The consulting architects of what might have been a new Southern Can Lao were Nguyen Cao Thang, Mrs. Ngyen Thi Hai, Senator Tran Chinh Thanh, and Cao Xuan Vy, the original organizer of Ngo Dinh Diem’s Republican Youth.
Nguyen Cao Thang, according to one informed source, was seeking to Protect the sizable fortune amassed from his pharmacy wholesaling and. also to prove further his Political usefulness to President Nguyen Van Thieu. Thang is one Of Thieu’s closest political advisers, serving in his most public role as the president’s liaison man with the National Assembly. He doesn’t appear to be in any danger of falling from Thieu’s favor, but if he could have created a strong and useful pro-Thieu party, out of the many competent and organizationally adept former Diemists, he could have only enhanced himself in Thieu’s eyes.
Mrs. Nguyen Thi Hai, reputedly South Vietnam’s third richest pharmacist (after Thang and a French company), likewise sought to protect her fortune, but had no concomitant political aims, according to Vietnamese sources.

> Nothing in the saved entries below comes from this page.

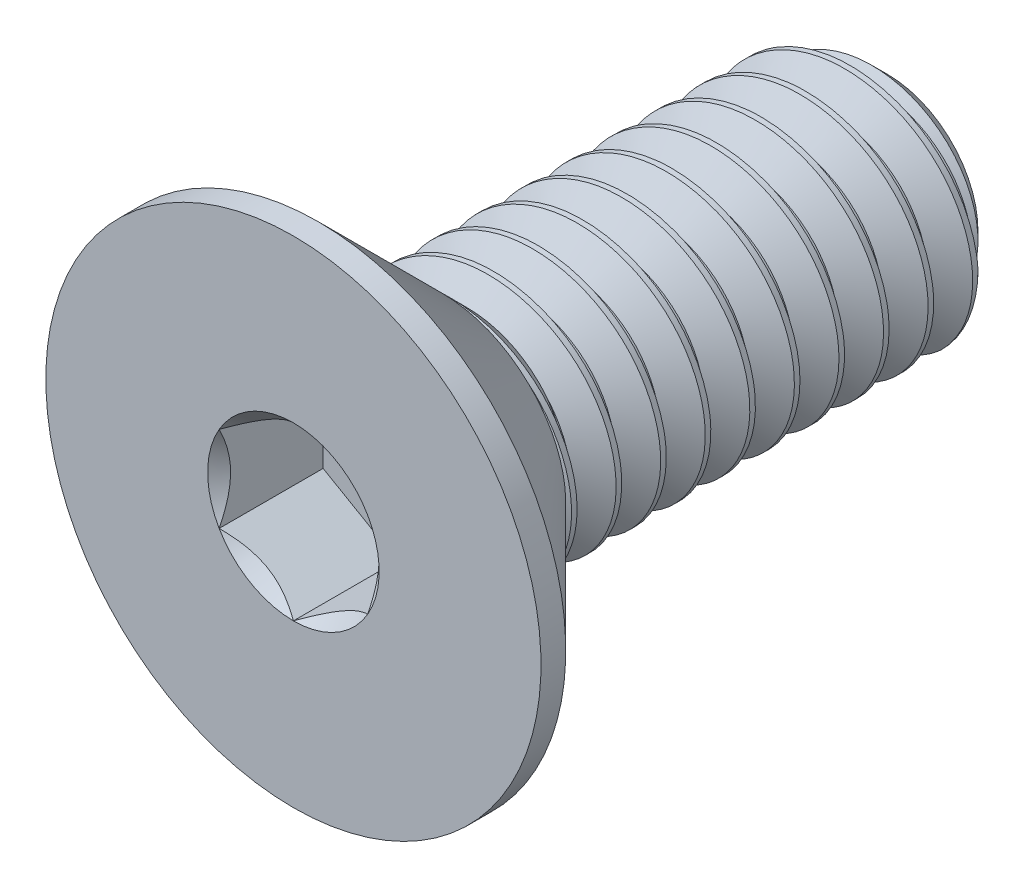
from build123d import *
from build123d.topology import SkipClean

# Parameters (mm, degrees)
SKETCH1_W          = 6
SKETCH1_H          = 1.25
CHAMFER1_SIZE      = 0.3375
CUT_SWEEP1_PITCH   = 0.45
CUT_EXTRUDE2_DEPTH = 1.05


with BuildPart() as part:
    # Sketch1 → Revolve1 (revolve)
    with BuildSketch(Plane(origin=(0, 0, 0), x_dir=(0, 0, -1), z_dir=(1, 0, 0))):
        with Locations((3, 0.625)):
            Rectangle(SKETCH1_W, SKETCH1_H)
    revolve(axis=Axis((0, 0, -6), (0, 0, 1)))

    # Chamfer1
    chamfer1_edges = [part.edges().sort_by_distance(p)[0] for p in [
        (0, -1.25, -6),
    ]]
    chamfer(chamfer1_edges, length=CHAMFER1_SIZE)

    # Cut-Sweep1: arcs per turn and ends read off the stored shape
    # Cut-Sweep1: the profile of Sketch2 profile screwed along a right-hand helix through 15 turns, 6 arcs to a turn; built about Z, then put on its axis
    cut_sweep1_z = Axis((0, 0, 0), (0, 0, 1))
    cut_sweep1_corners = [(1.2506, 0, 0.00034641), (1.2506, 0, -0.39409641), (0.957716426, 0, -0.225), (0.957716426, 0, -0.16875)]
    with BuildLine(mode=Mode.PRIVATE) as cut_sweep1_profile:
        Line(cut_sweep1_corners[0], cut_sweep1_corners[1])
        Line(cut_sweep1_corners[1], cut_sweep1_corners[2])
        Line(cut_sweep1_corners[2], cut_sweep1_corners[3])
        Line(cut_sweep1_corners[3], cut_sweep1_corners[0])
    cut_sweep1_cap = Face(cut_sweep1_profile.wire())
    cut_sweep1_turn_angles = [0, 30, 60, 90, 120, 150, 180, 210, 240, 270, 300, 330, 360]
    cut_sweep1_turn_weights = [1, 0.8660254037844387, 1, 0.8660254037844387, 1, 0.8660254037844387, 1, 0.8660254037844387, 1, 0.8660254037844387, 1, 0.8660254037844387, 1]
    cut_sweep1_turn_rails = [Edge.make_bspline([Vector(p[0], p[1], 0).rotate(cut_sweep1_z, cut_sweep1_turn_angles[k]) / cut_sweep1_turn_weights[k] + Vector(0, 0, p[2] + CUT_SWEEP1_PITCH * cut_sweep1_turn_angles[k] / 360) for k in range(13)], [0, 0, 0, 1, 1, 2, 2, 3, 3, 4, 4, 5, 5, 6, 6, 6], 2, cut_sweep1_turn_weights) for p in cut_sweep1_corners]
    cut_sweep1_turn_sides = [Face.make_surface_from_curves(cut_sweep1_turn_rails[p[0]], cut_sweep1_turn_rails[p[1]]) for p in [(0, 1), (1, 2), (2, 3), (3, 0)]]
    cut_sweep1 = Plane(origin=(0, 0, -6), x_dir=(0, 1, 0), z_dir=(0, 0, 1)) * Solid(Shell([*[p.moved(Location((0, 0, CUT_SWEEP1_PITCH * i))) for i in range(15) for p in cut_sweep1_turn_sides], cut_sweep1_cap, cut_sweep1_cap.rotate(cut_sweep1_z, 5400).moved(Location((0, 0, CUT_SWEEP1_PITCH * 5400 / 360)))]))
    add(cut_sweep1, mode=Mode.SUBTRACT)

    # Sketch7 → Revolve2 (revolve)
    with BuildSketch(Plane(origin=(0, 0, 0), x_dir=(0, 0, -1), z_dir=(1, 0, 0)), mode=Mode.PRIVATE) as revolve2_sk:
        Polygon((0, 2.5), (0.25, 2.5), (1.5, 1.25), (1.5, 0), (0, 0), align=None)
    revolve(revolve2_sk.sketch.rotate(Axis((0, 0, 0), (0, 0, -1)), 189.336081704), axis=Axis((0, 0, 0), (0, 0, -1)))

    # Boss-Extrude1 cone 1 section (through the dimple's axis) → Boss-Extrude1 (revolve)
    with SkipClean():  # the faces are left unmerged after this step: merging them gives an invalid solid
        with BuildSketch(Plane(origin=(0, 0, -1.5), x_dir=(0, -1, 0), z_dir=(1, 0, 0))):
            Polygon((0, 0), (1.25, 0), (0, 1.25), align=None)
        revolve(axis=Axis((0, 0, -1.5), (0, 0, -1)))

    # Sketch5 → Cut-Extrude2 (cut)
    with SkipClean():  # the faces are left unmerged after this step: merging them gives an invalid solid
        with BuildSketch(Plane.XY):
            Polygon((0.75, -0.433012702), (0.75, 0.433012702), (0, 0.866025404), (-0.75, 0.433012702), (-0.75, -0.433012702), (0, -0.866025404), align=None)
        extrude(amount=-CUT_EXTRUDE2_DEPTH, mode=Mode.SUBTRACT)

    # Cut-Extrude3 cone 1 section (through the dimple's axis) → Cut-Extrude3 (revolve, cut)
    with SkipClean():  # the faces are left unmerged after this step: merging them gives an invalid solid
        with BuildSketch(Plane(origin=(0, 0, 0), x_dir=(0, -1, 0), z_dir=(1, 0, 0))):
            Polygon((0, 0), (0.866025404, 0), (0, 0.866025404), align=None)
        revolve(axis=Axis((0, 0, 0), (0, 0, -1)), mode=Mode.SUBTRACT)


solid = part.part

Sen. Than Chinh Thanh has been seeking his own political and governmental restoration since he was dropped last August as Minister of Foreign Affairs – reportedly at the urging of Thang. He drew a short-term lot in the Senatorial drawing held recently and must therefore run for re-election this year. The backing of a strong party would have helped his election campaign and any bid for return to a ministerial post.
As for Cao Xuan Vy, the former organizer of the late President Ngo Dinh Diem’s Republican Youth, he hoped to utilize the political funds and influence of Thang to reconstruct an organization similar to the Republican Youth. He was pushed in this direction by a number of old officials of that organization. Vy lacked the personal prestige (as well as the money) to pull off a resurgence of the group himself.
Prime Minister Tran Thien Khiem entered the picture only indirectly, through his wish that Vy would organize the Peoples Self-Defense Forces – the local citizens’ defense units of those too young and too old to be regular soldiers that sprang into being following the 1968 Tet offensive – with the same vigor that he displayed in organizing the Republican Youth in Diem’s time. A good nationwide cadre infrastructure of any kind (except for the National Liberation Front) is lacking in South Vietnam, and Khiem apparently had some hopes of turning the PSDF into such an infrastructure, in the time-honored fashion of patriotic youth groups. Khiem did not participate in the working discussions about the party.
Two other personalities figured in preliminary considerations also, though they did not play the major role of the others. The first was General Tran Van Trung, director of armed forces political warfare. He would have directed any major recruiting and propagandizing campaign for the party in the armv if plans had materialized. The other was Tran Quoc Buu, the head of South Vietnam’s one strong union, the CVT. The CVT is often cited as the only non-religious grass-roots organization in South Vietnam. Some 300,000 members come to meetings and even pay dues every so often – a unique phenomenon in this country. Buu flirts chronically with an active political role, but he has never quite taken the definitive plunge since Ngo Dinh Nhu cut him down and prevented him from monopolizing trade union activity in the country in Diem’s time. He did take his following of workers and peasants into the amalgam National Alliance for Social Revolution set up in the post-Tet 1968 period. The NASR proved to be as ephemeral as most parties in South Vietnam, however, and Buu has talked of forming a really strong labor party.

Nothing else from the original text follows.